The importer benefits from the increased access to foreign markets, which occurs because it does not need to prove credit worthiness to the export only to the issuing bank. It is likely that the credit worthiness of the importer is already known or easily attainable by the local bank and therefore will be ready and willing to issue the B/A to the exporters bank. This will reduce the time and decrease the risk to the exporter which will enable the exporter to be willing to produce and ship the products because it will be reassured of payment.
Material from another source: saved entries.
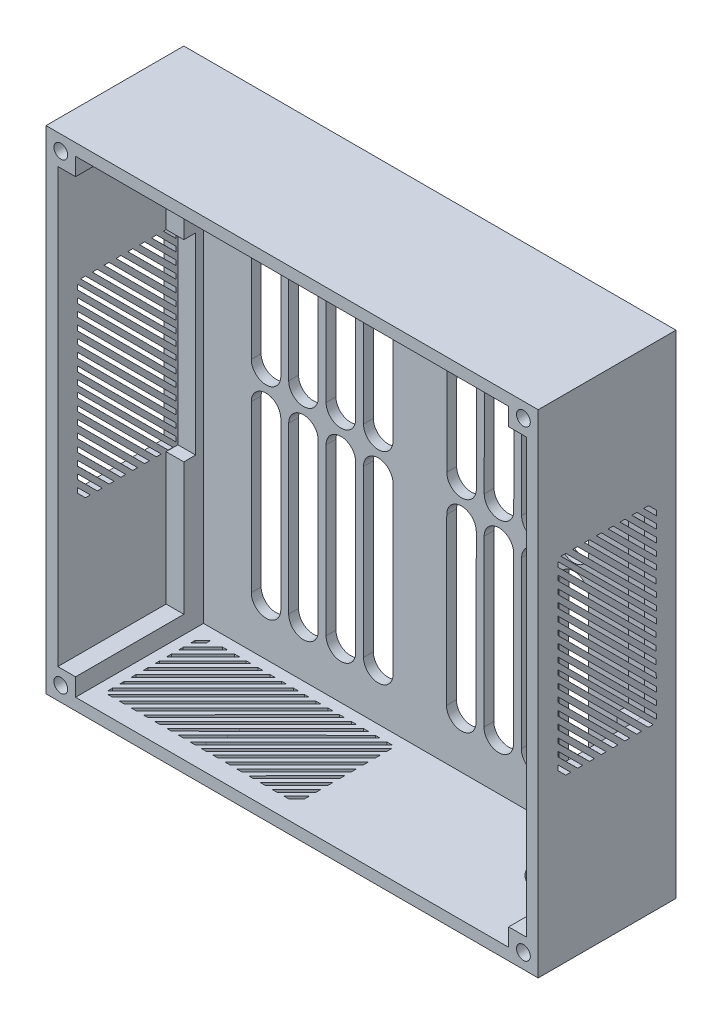
SolidWorks part; units mm, degrees
ref_plane "Plano frontal" through (0, 0, 0) normal (0, 0, 1) x (1, 0, 0)
ref_plane "Plano superior" through (0, 0, 0) normal (0, 1, 0) x (1, 0, 0)
ref_plane "Plano direito" through (0, 0, 0) normal (1, 0, 0) x (0, 0, -1)
sketch "Esboço1" plane through (0, 0, 0) normal (0, 0, 1) x (1, 0, 0)
  line L1 (-16.5696, 239.8339) -> (233.4304, 239.8339)
  line L2 (-16.5696, 239.8339) -> (-16.5696, -10.1661)
  line L3 (-16.5696, -10.1661) -> (233.4304, -10.1661)
  line L4 (233.4304, 239.8339) -> (233.4304, -10.1661)
  dimension "D1" = 250
  dimension "D2" = 250
extrude "Ressalto-extrusão1" add sketch "Esboço1" along normal blind 70 contours L2 L1 L4 L3
sketch "Esboço2" plane through (0, 0, 70) normal (0, 0, 1) x (1, 0, 0)
  line L0 (233.4304, 239.8339) -> (233.4304, -10.1661) construction
  line L1 (-10.5696, 233.8339) -> (227.4304, 233.8339)
  line L2 (-10.5696, 233.8339) -> (-10.5696, -4.1661)
  line L3 (-10.5696, -4.1661) -> (227.4304, -4.1661)
  line L4 (227.4304, 233.8339) -> (227.4304, -4.1661)
  line L5 (-16.5696, 239.8339) -> (233.4304, 239.8339) construction
  line L6 (-16.5696, 239.8339) -> (-16.5696, -10.1661) construction
  line L7 (-16.5696, -10.1661) -> (233.4304, -10.1661) construction
  dimension "D1" = 6
  dimension "D2" = 6
  dimension "D3" = 6
  dimension "D4" = 6
extrude "Corte-extrusão1" cut sketch "Esboço2" against normal blind 55
sketch "Esboço3" plane through (0, 0, 15) normal (0, 0, 1) x (1, 0, 0)
  line L0 (16.5131, 123.2364) -> (114.7807, 123.244)
  line L1 (16.3207, 123.1057) -> (16.3131, 223.614)
  line L2 (16.3748, 223.7141) -> (114.8731, 223.7141)
  line L3 (114.7807, 123.244) -> (114.7731, 223.5216)
  line L4 (215.3156, 223.7537) -> (117.0479, 223.7536)
  line L5 (215.5079, 223.8844) -> (215.5079, 123.3761)
  line L6 (117.0479, 123.4759) -> (215.5079, 123.3761)
  line L7 (117.0479, 223.7536) -> (117.0479, 123.4759)
  line L10 (16.567, 20.9373) -> (114.8346, 20.9449)
  line L11 (16.3746, 20.8067) -> (16.367, 121.3149)
  line L12 (16.4288, 121.4073) -> (99.2081, 121.4137)
  line L13 (114.8346, 20.9449) -> (114.827, 121.2225)
  line L14 (215.3478, 121.4314) -> (117.0801, 121.4238)
  line L15 (215.5401, 121.5621) -> (215.5477, 21.0538)
  line L16 (215.486, 20.9614) -> (116.9877, 20.9538)
  line L17 (117.0801, 121.4238) -> (117.0877, 21.1462)
  line L21 (-16.5696, -10.1661) -> (233.4304, -10.1661) construction
  line L23 (114.7807, 123.244) -> (117.0801, 121.4238) construction
  line L24 (99.2081, 121.4137) -> (114.827, 121.2225)
  line L25 (-16.5696, 239.8339) -> (233.4304, -10.1661) construction
  line L26 (-16.5696, -10.1661) -> (233.4304, 239.8339) construction
  arc A0 (59.4431, 138.154) -> (59.4431, 125.154) centre (59.4431, 131.654) ccw
  arc A1 (59.4431, 125.154) -> (59.4431, 138.154) centre (59.4431, 131.654) ccw
  arc A2 (40.4431, 138.154) -> (40.4431, 125.154) centre (40.4431, 131.654) ccw
  arc A3 (40.4431, 125.154) -> (40.4431, 138.154) centre (40.4431, 131.654) ccw
  arc A4 (40.4431, 152.154) -> (40.4431, 139.154) centre (40.4431, 145.654) ccw
  arc A5 (40.4431, 139.154) -> (40.4431, 152.154) centre (40.4431, 145.654) ccw
  arc A6 (59.4431, 152.154) -> (59.4431, 139.154) centre (59.4431, 145.654) ccw
  arc A7 (59.4431, 139.154) -> (59.4431, 152.154) centre (59.4431, 145.654) ccw
  arc A8 (78.4431, 152.154) -> (78.4431, 139.154) centre (78.4431, 145.654) ccw
  arc A9 (78.4431, 139.154) -> (78.4431, 152.154) centre (78.4431, 145.654) ccw
  arc A10 (78.4431, 138.154) -> (78.4431, 125.154) centre (78.4431, 131.654) ccw
  arc A11 (78.4431, 125.154) -> (78.4431, 138.154) centre (78.4431, 131.654) ccw
  arc A12 (97.4431, 138.154) -> (97.4431, 125.154) centre (97.4431, 131.654) ccw
  arc A13 (97.4431, 125.154) -> (97.4431, 138.154) centre (97.4431, 131.654) ccw
  arc A14 (97.4431, 152.154) -> (97.4431, 139.154) centre (97.4431, 145.654) ccw
  arc A15 (97.4431, 139.154) -> (97.4431, 152.154) centre (97.4431, 145.654) ccw
  arc A16 (97.4431, 166.154) -> (97.4431, 153.154) centre (97.4431, 159.654) ccw
  arc A17 (97.4431, 153.154) -> (97.4431, 166.154) centre (97.4431, 159.654) ccw
  arc A18 (78.4431, 166.154) -> (78.4431, 153.154) centre (78.4431, 159.654) ccw
  arc A19 (78.4431, 153.154) -> (78.4431, 166.154) centre (78.4431, 159.654) ccw
  arc A20 (59.4431, 166.154) -> (59.4431, 153.154) centre (59.4431, 159.654) ccw
  arc A21 (59.4431, 153.154) -> (59.4431, 166.154) centre (59.4431, 159.654) ccw
  arc A22 (40.4431, 166.154) -> (40.4431, 153.154) centre (40.4431, 159.654) ccw
  arc A23 (40.4431, 153.154) -> (40.4431, 166.154) centre (40.4431, 159.654) ccw
  arc A24 (40.4431, 180.154) -> (40.4431, 167.154) centre (40.4431, 173.654) ccw
  arc A25 (40.4431, 167.154) -> (40.4431, 180.154) centre (40.4431, 173.654) ccw
  arc A26 (59.4431, 180.154) -> (59.4431, 167.154) centre (59.4431, 173.654) ccw
  arc A27 (59.4431, 167.154) -> (59.4431, 180.154) centre (59.4431, 173.654) ccw
  arc A28 (78.4431, 180.154) -> (78.4431, 167.154) centre (78.4431, 173.654) ccw
  arc A29 (78.4431, 167.154) -> (78.4431, 180.154) centre (78.4431, 173.654) ccw
  arc A30 (97.4431, 180.154) -> (97.4431, 167.154) centre (97.4431, 173.654) ccw
  arc A31 (97.4431, 167.154) -> (97.4431, 180.154) centre (97.4431, 173.654) ccw
  arc A32 (97.4431, 194.154) -> (97.4431, 181.154) centre (97.4431, 187.654) ccw
  arc A33 (97.4431, 181.154) -> (97.4431, 194.154) centre (97.4431, 187.654) ccw
  arc A34 (78.4431, 194.154) -> (78.4431, 181.154) centre (78.4431, 187.654) ccw
  arc A35 (78.4431, 181.154) -> (78.4431, 194.154) centre (78.4431, 187.654) ccw
  arc A36 (59.4431, 194.154) -> (59.4431, 181.154) centre (59.4431, 187.654) ccw
  arc A37 (59.4431, 181.154) -> (59.4431, 194.154) centre (59.4431, 187.654) ccw
  arc A38 (40.4431, 194.154) -> (40.4431, 181.154) centre (40.4431, 187.654) ccw
  arc A39 (40.4431, 181.154) -> (40.4431, 194.154) centre (40.4431, 187.654) ccw
  arc A40 (40.4431, 208.154) -> (40.4431, 195.154) centre (40.4431, 201.654) ccw
  arc A41 (40.4431, 195.154) -> (40.4431, 208.154) centre (40.4431, 201.654) ccw
  arc A42 (59.4431, 208.154) -> (59.4431, 195.154) centre (59.4431, 201.654) ccw
  arc A43 (59.4431, 195.154) -> (59.4431, 208.154) centre (59.4431, 201.654) ccw
  arc A44 (78.4431, 208.154) -> (78.4431, 195.154) centre (78.4431, 201.654) ccw
  arc A45 (78.4431, 195.154) -> (78.4431, 208.154) centre (78.4431, 201.654) ccw
  arc A46 (97.4431, 208.154) -> (97.4431, 195.154) centre (97.4431, 201.654) ccw
  arc A47 (97.4431, 195.154) -> (97.4431, 208.154) centre (97.4431, 201.654) ccw
  arc A48 (97.4431, 222.154) -> (97.4431, 209.154) centre (97.4431, 215.654) ccw
  arc A49 (97.4431, 209.154) -> (97.4431, 222.154) centre (97.4431, 215.654) ccw
  arc A50 (78.4431, 222.154) -> (78.4431, 209.154) centre (78.4431, 215.654) ccw
  arc A51 (78.4431, 209.154) -> (78.4431, 222.154) centre (78.4431, 215.654) ccw
  arc A52 (59.4431, 222.154) -> (59.4431, 209.154) centre (59.4431, 215.654) ccw
  arc A53 (59.4431, 209.154) -> (59.4431, 222.154) centre (59.4431, 215.654) ccw
  arc A54 (40.4431, 222.154) -> (40.4431, 209.154) centre (40.4431, 215.654) ccw
  arc A55 (40.4431, 209.154) -> (40.4431, 222.154) centre (40.4431, 215.654) ccw
  circle A56 centre (20.8131, 210.774) radius 0.975
  circle A57 centre (20.9431, 217.524) radius 0.975
  circle A58 centre (110.4831, 207.064) radius 0.975
  circle A59 centre (110.4831, 213.114) radius 0.975
  circle A60 centre (110.6631, 136.644) radius 0.975
  circle A61 centre (110.6031, 142.634) radius 0.975
  circle A62 centre (20.6431, 132.314) radius 0.975
  circle A63 centre (20.6431, 138.364) radius 0.975
  arc A64 (172.3779, 208.8361) -> (172.3779, 221.8361) centre (172.3779, 215.3361) ccw
  arc A65 (172.3779, 221.8361) -> (172.3779, 208.8361) centre (172.3779, 215.3361) ccw
  arc A66 (191.3779, 208.8361) -> (191.3779, 221.8361) centre (191.3779, 215.3361) ccw
  arc A67 (191.3779, 221.8361) -> (191.3779, 208.8361) centre (191.3779, 215.3361) ccw
  arc A68 (191.3779, 194.8361) -> (191.3779, 207.8361) centre (191.3779, 201.3361) ccw
  arc A69 (191.3779, 207.8361) -> (191.3779, 194.8361) centre (191.3779, 201.3361) ccw
  arc A70 (172.3779, 194.8361) -> (172.3779, 207.8361) centre (172.3779, 201.3361) ccw
  arc A71 (172.3779, 207.8361) -> (172.3779, 194.8361) centre (172.3779, 201.3361) ccw
  arc A72 (153.3779, 194.8361) -> (153.3779, 207.8361) centre (153.3779, 201.3361) ccw
  arc A73 (153.3779, 207.8361) -> (153.3779, 194.8361) centre (153.3779, 201.3361) ccw
  arc A74 (153.3779, 208.8361) -> (153.3779, 221.8361) centre (153.3779, 215.3361) ccw
  arc A75 (153.3779, 221.8361) -> (153.3779, 208.8361) centre (153.3779, 215.3361) ccw
  arc A76 (134.3779, 208.8361) -> (134.3779, 221.8361) centre (134.3779, 215.3361) ccw
  arc A77 (134.3779, 221.8361) -> (134.3779, 208.8361) centre (134.3779, 215.3361) ccw
  arc A78 (134.3779, 194.8361) -> (134.3779, 207.8361) centre (134.3779, 201.3361) ccw
  arc A79 (134.3779, 207.8361) -> (134.3779, 194.8361) centre (134.3779, 201.3361) ccw
  arc A80 (134.3779, 180.8361) -> (134.3779, 193.8361) centre (134.3779, 187.3361) ccw
  arc A81 (134.3779, 193.8361) -> (134.3779, 180.8361) centre (134.3779, 187.3361) ccw
  arc A82 (153.3779, 180.8361) -> (153.3779, 193.8361) centre (153.3779, 187.3361) ccw
  arc A83 (153.3779, 193.8361) -> (153.3779, 180.8361) centre (153.3779, 187.3361) ccw
  arc A84 (172.3779, 180.8361) -> (172.3779, 193.8361) centre (172.3779, 187.3361) ccw
  arc A85 (172.3779, 193.8361) -> (172.3779, 180.8361) centre (172.3779, 187.3361) ccw
  arc A86 (191.3779, 180.8361) -> (191.3779, 193.8361) centre (191.3779, 187.3361) ccw
  arc A87 (191.3779, 193.8361) -> (191.3779, 180.8361) centre (191.3779, 187.3361) ccw
  arc A88 (191.3779, 166.8361) -> (191.3779, 179.8361) centre (191.3779, 173.3361) ccw
  arc A89 (191.3779, 179.8361) -> (191.3779, 166.8361) centre (191.3779, 173.3361) ccw
  arc A90 (172.3779, 166.8361) -> (172.3779, 179.8361) centre (172.3779, 173.3361) ccw
  arc A91 (172.3779, 179.8361) -> (172.3779, 166.8361) centre (172.3779, 173.3361) ccw
  arc A92 (153.3779, 166.8361) -> (153.3779, 179.8361) centre (153.3779, 173.3361) ccw
  arc A93 (153.3779, 179.8361) -> (153.3779, 166.8361) centre (153.3779, 173.3361) ccw
  arc A94 (134.3779, 166.8361) -> (134.3779, 179.8361) centre (134.3779, 173.3361) ccw
  arc A95 (134.3779, 179.8361) -> (134.3779, 166.8361) centre (134.3779, 173.3361) ccw
  arc A96 (134.3779, 152.8361) -> (134.3779, 165.8361) centre (134.3779, 159.3361) ccw
  arc A97 (134.3779, 165.8361) -> (134.3779, 152.8361) centre (134.3779, 159.3361) ccw
  arc A98 (153.3779, 152.8361) -> (153.3779, 165.8361) centre (153.3779, 159.3361) ccw
  arc A99 (153.3779, 165.8361) -> (153.3779, 152.8361) centre (153.3779, 159.3361) ccw
  arc A100 (172.3779, 152.8361) -> (172.3779, 165.8361) centre (172.3779, 159.3361) ccw
  arc A101 (172.3779, 165.8361) -> (172.3779, 152.8361) centre (172.3779, 159.3361) ccw
  arc A102 (191.3779, 152.8361) -> (191.3779, 165.8361) centre (191.3779, 159.3361) ccw
  arc A103 (191.3779, 165.8361) -> (191.3779, 152.8361) centre (191.3779, 159.3361) ccw
  arc A104 (191.3779, 138.8361) -> (191.3779, 151.8361) centre (191.3779, 145.3361) ccw
  arc A105 (191.3779, 151.8361) -> (191.3779, 138.8361) centre (191.3779, 145.3361) ccw
  arc A106 (172.3779, 138.8361) -> (172.3779, 151.8361) centre (172.3779, 145.3361) ccw
  arc A107 (172.3779, 151.8361) -> (172.3779, 138.8361) centre (172.3779, 145.3361) ccw
  arc A108 (153.3779, 138.8361) -> (153.3779, 151.8361) centre (153.3779, 145.3361) ccw
  arc A109 (153.3779, 151.8361) -> (153.3779, 138.8361) centre (153.3779, 145.3361) ccw
  arc A110 (134.3779, 138.8361) -> (134.3779, 151.8361) centre (134.3779, 145.3361) ccw
  arc A111 (134.3779, 151.8361) -> (134.3779, 138.8361) centre (134.3779, 145.3361) ccw
  arc A112 (134.3779, 124.8361) -> (134.3779, 137.8361) centre (134.3779, 131.3361) ccw
  arc A113 (134.3779, 137.8361) -> (134.3779, 124.8361) centre (134.3779, 131.3361) ccw
  arc A114 (153.3779, 124.8361) -> (153.3779, 137.8361) centre (153.3779, 131.3361) ccw
  arc A115 (153.3779, 137.8361) -> (153.3779, 124.8361) centre (153.3779, 131.3361) ccw
  arc A116 (172.3779, 124.8361) -> (172.3779, 137.8361) centre (172.3779, 131.3361) ccw
  arc A117 (172.3779, 137.8361) -> (172.3779, 124.8361) centre (172.3779, 131.3361) ccw
  arc A118 (191.3779, 124.8361) -> (191.3779, 137.8361) centre (191.3779, 131.3361) ccw
  arc A119 (191.3779, 137.8361) -> (191.3779, 124.8361) centre (191.3779, 131.3361) ccw
  circle A120 centre (211.0079, 136.2161) radius 0.975
  circle A121 centre (210.8779, 129.4661) radius 0.975
  circle A122 centre (121.3379, 139.9261) radius 0.975
  circle A123 centre (121.3379, 133.8761) radius 0.975
  circle A124 centre (121.1579, 210.3461) radius 0.975
  circle A125 centre (121.2179, 204.3561) radius 0.975
  circle A126 centre (211.1779, 214.6761) radius 0.975
  circle A127 centre (211.1779, 208.6261) radius 0.975
  arc A128 (59.497, 35.8549) -> (59.497, 22.8549) centre (59.497, 29.3549) ccw
  arc A129 (59.497, 22.8549) -> (59.497, 35.8549) centre (59.497, 29.3549) ccw
  arc A130 (40.497, 35.8549) -> (40.497, 22.8549) centre (40.497, 29.3549) ccw
  arc A131 (40.497, 22.8549) -> (40.497, 35.8549) centre (40.497, 29.3549) ccw
  arc A132 (40.497, 49.8549) -> (40.497, 36.8549) centre (40.497, 43.3549) ccw
  arc A133 (40.497, 36.8549) -> (40.497, 49.8549) centre (40.497, 43.3549) ccw
  arc A134 (59.497, 49.8549) -> (59.497, 36.8549) centre (59.497, 43.3549) ccw
  arc A135 (59.497, 36.8549) -> (59.497, 49.8549) centre (59.497, 43.3549) ccw
  arc A136 (78.497, 49.8549) -> (78.497, 36.8549) centre (78.497, 43.3549) ccw
  arc A137 (78.497, 36.8549) -> (78.497, 49.8549) centre (78.497, 43.3549) ccw
  arc A138 (78.497, 35.8549) -> (78.497, 22.8549) centre (78.497, 29.3549) ccw
  arc A139 (78.497, 22.8549) -> (78.497, 35.8549) centre (78.497, 29.3549) ccw
  arc A140 (97.497, 35.8549) -> (97.497, 22.8549) centre (97.497, 29.3549) ccw
  arc A141 (97.497, 22.8549) -> (97.497, 35.8549) centre (97.497, 29.3549) ccw
  arc A142 (97.497, 49.8549) -> (97.497, 36.8549) centre (97.497, 43.3549) ccw
  arc A143 (97.497, 36.8549) -> (97.497, 49.8549) centre (97.497, 43.3549) ccw
  arc A144 (97.497, 63.8549) -> (97.497, 50.8549) centre (97.497, 57.3549) ccw
  arc A145 (97.497, 50.8549) -> (97.497, 63.8549) centre (97.497, 57.3549) ccw
  arc A146 (78.497, 63.8549) -> (78.497, 50.8549) centre (78.497, 57.3549) ccw
  arc A147 (78.497, 50.8549) -> (78.497, 63.8549) centre (78.497, 57.3549) ccw
  arc A148 (59.497, 63.8549) -> (59.497, 50.8549) centre (59.497, 57.3549) ccw
  arc A149 (59.497, 50.8549) -> (59.497, 63.8549) centre (59.497, 57.3549) ccw
  arc A150 (40.497, 63.8549) -> (40.497, 50.8549) centre (40.497, 57.3549) ccw
  arc A151 (40.497, 50.8549) -> (40.497, 63.8549) centre (40.497, 57.3549) ccw
  arc A152 (40.497, 77.8549) -> (40.497, 64.8549) centre (40.497, 71.3549) ccw
  arc A153 (40.497, 64.8549) -> (40.497, 77.8549) centre (40.497, 71.3549) ccw
  arc A154 (59.497, 77.8549) -> (59.497, 64.8549) centre (59.497, 71.3549) ccw
  arc A155 (59.497, 64.8549) -> (59.497, 77.8549) centre (59.497, 71.3549) ccw
  arc A156 (78.497, 77.8549) -> (78.497, 64.8549) centre (78.497, 71.3549) ccw
  arc A157 (78.497, 64.8549) -> (78.497, 77.8549) centre (78.497, 71.3549) ccw
  arc A158 (97.497, 77.8549) -> (97.497, 64.8549) centre (97.497, 71.3549) ccw
  arc A159 (97.497, 64.8549) -> (97.497, 77.8549) centre (97.497, 71.3549) ccw
  arc A160 (97.497, 91.8549) -> (97.497, 78.8549) centre (97.497, 85.3549) ccw
  arc A161 (97.497, 78.8549) -> (97.497, 91.8549) centre (97.497, 85.3549) ccw
  arc A162 (78.497, 91.8549) -> (78.497, 78.8549) centre (78.497, 85.3549) ccw
  arc A163 (78.497, 78.8549) -> (78.497, 91.8549) centre (78.497, 85.3549) ccw
  arc A164 (59.497, 91.8549) -> (59.497, 78.8549) centre (59.497, 85.3549) ccw
  arc A165 (59.497, 78.8549) -> (59.497, 91.8549) centre (59.497, 85.3549) ccw
  arc A166 (40.497, 91.8549) -> (40.497, 78.8549) centre (40.497, 85.3549) ccw
  arc A167 (40.497, 78.8549) -> (40.497, 91.8549) centre (40.497, 85.3549) ccw
  arc A168 (40.497, 105.8549) -> (40.497, 92.8549) centre (40.497, 99.3549) ccw
  arc A169 (40.497, 92.8549) -> (40.497, 105.8549) centre (40.497, 99.3549) ccw
  arc A170 (59.497, 105.8549) -> (59.497, 92.8549) centre (59.497, 99.3549) ccw
  arc A171 (59.497, 92.8549) -> (59.497, 105.8549) centre (59.497, 99.3549) ccw
  arc A172 (78.497, 105.8549) -> (78.497, 92.8549) centre (78.497, 99.3549) ccw
  arc A173 (78.497, 92.8549) -> (78.497, 105.8549) centre (78.497, 99.3549) ccw
  arc A174 (97.497, 105.8549) -> (97.497, 92.8549) centre (97.497, 99.3549) ccw
  arc A175 (97.497, 92.8549) -> (97.497, 105.8549) centre (97.497, 99.3549) ccw
  arc A176 (97.497, 119.8549) -> (97.497, 106.8549) centre (97.497, 113.3549) ccw
  arc A177 (97.497, 106.8549) -> (97.497, 119.8549) centre (97.497, 113.3549) ccw
  arc A178 (78.497, 119.8549) -> (78.497, 106.8549) centre (78.497, 113.3549) ccw
  arc A179 (78.497, 106.8549) -> (78.497, 119.8549) centre (78.497, 113.3549) ccw
  arc A180 (59.497, 119.8549) -> (59.497, 106.8549) centre (59.497, 113.3549) ccw
  arc A181 (59.497, 106.8549) -> (59.497, 119.8549) centre (59.497, 113.3549) ccw
  arc A182 (40.497, 119.8549) -> (40.497, 106.8549) centre (40.497, 113.3549) ccw
  arc A183 (40.497, 106.8549) -> (40.497, 119.8549) centre (40.497, 113.3549) ccw
  circle A184 centre (20.867, 108.4749) radius 0.975
  circle A185 centre (20.997, 115.2249) radius 0.975
  circle A186 centre (110.537, 104.7649) radius 0.975
  circle A187 centre (110.537, 110.8149) radius 0.975
  circle A188 centre (110.717, 34.3449) radius 0.975
  circle A189 centre (110.657, 40.3349) radius 0.975
  circle A190 centre (20.697, 30.0149) radius 0.975
  circle A191 centre (20.697, 36.0649) radius 0.975
  arc A192 (172.4177, 106.5138) -> (172.4177, 119.5138) centre (172.4177, 113.0138) ccw
  arc A193 (172.4177, 119.5138) -> (172.4177, 106.5138) centre (172.4177, 113.0138) ccw
  arc A194 (191.4177, 106.5138) -> (191.4177, 119.5138) centre (191.4177, 113.0138) ccw
  arc A195 (191.4177, 119.5138) -> (191.4177, 106.5138) centre (191.4177, 113.0138) ccw
  arc A196 (191.4177, 92.5138) -> (191.4177, 105.5138) centre (191.4177, 99.0138) ccw
  arc A197 (191.4177, 105.5138) -> (191.4177, 92.5138) centre (191.4177, 99.0138) ccw
  arc A198 (172.4177, 92.5138) -> (172.4177, 105.5138) centre (172.4177, 99.0138) ccw
  arc A199 (172.4177, 105.5138) -> (172.4177, 92.5138) centre (172.4177, 99.0138) ccw
  arc A200 (153.4177, 92.5138) -> (153.4177, 105.5138) centre (153.4177, 99.0138) ccw
  arc A201 (153.4177, 105.5138) -> (153.4177, 92.5138) centre (153.4177, 99.0138) ccw
  arc A202 (153.4177, 106.5138) -> (153.4177, 119.5138) centre (153.4177, 113.0138) ccw
  arc A203 (153.4177, 119.5138) -> (153.4177, 106.5138) centre (153.4177, 113.0138) ccw
  arc A204 (134.4177, 106.5138) -> (134.4177, 119.5138) centre (134.4177, 113.0138) ccw
  arc A205 (134.4177, 119.5138) -> (134.4177, 106.5138) centre (134.4177, 113.0138) ccw
  arc A206 (134.4177, 92.5138) -> (134.4177, 105.5138) centre (134.4177, 99.0138) ccw
  arc A207 (134.4177, 105.5138) -> (134.4177, 92.5138) centre (134.4177, 99.0138) ccw
  arc A208 (134.4177, 78.5138) -> (134.4177, 91.5138) centre (134.4177, 85.0138) ccw
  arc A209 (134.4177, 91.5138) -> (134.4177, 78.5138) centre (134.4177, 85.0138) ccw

Additionally, by opening up foreign markets for supplies and finished goods the importer may be able to obtain all the benefits from imports such as reduced input costs and better quality products. This can allow the importer to gain a completive advantage over its domestic competition. Also, the importer is better informed when the goods are shipped and when they will be received; if the terms of the contract are not fulfilled by the export the payment will not be made. A B/A is typically issued with maturities between 30 and 180 days (Cite 1, ????). This provides buyers ample time to receive, warehouse, ship, and collect the proceeds from sales to third party customers, also enabling them to accumulate the funds necessary to pay the B/A at its maturity date. (Cite 2, ????, para 11). Also, B/As provide the importer with short term financing for its inventories at a lower cost than an otherwise similar loan. Banks The primary benefit the banks receive from the B/A is the commission that is charged by the banks. The commission charged by the bank reflects the credit worthiness of the customer (Madura, 2010). Therefore, the lower the credit worthiness of the customer the higher the potential return but higher risk. In addition to the commission the banks can benefit from the spread. When a bank creates, accepts, and sells the acceptance, it is actually using the investors money to finance the banks customer (Text, ????, p. 568). This enables the bank to create a

financial asset at one price and sell it at higher price; the differential between the buy and sell price is the spread, which is the profit earned by the bank.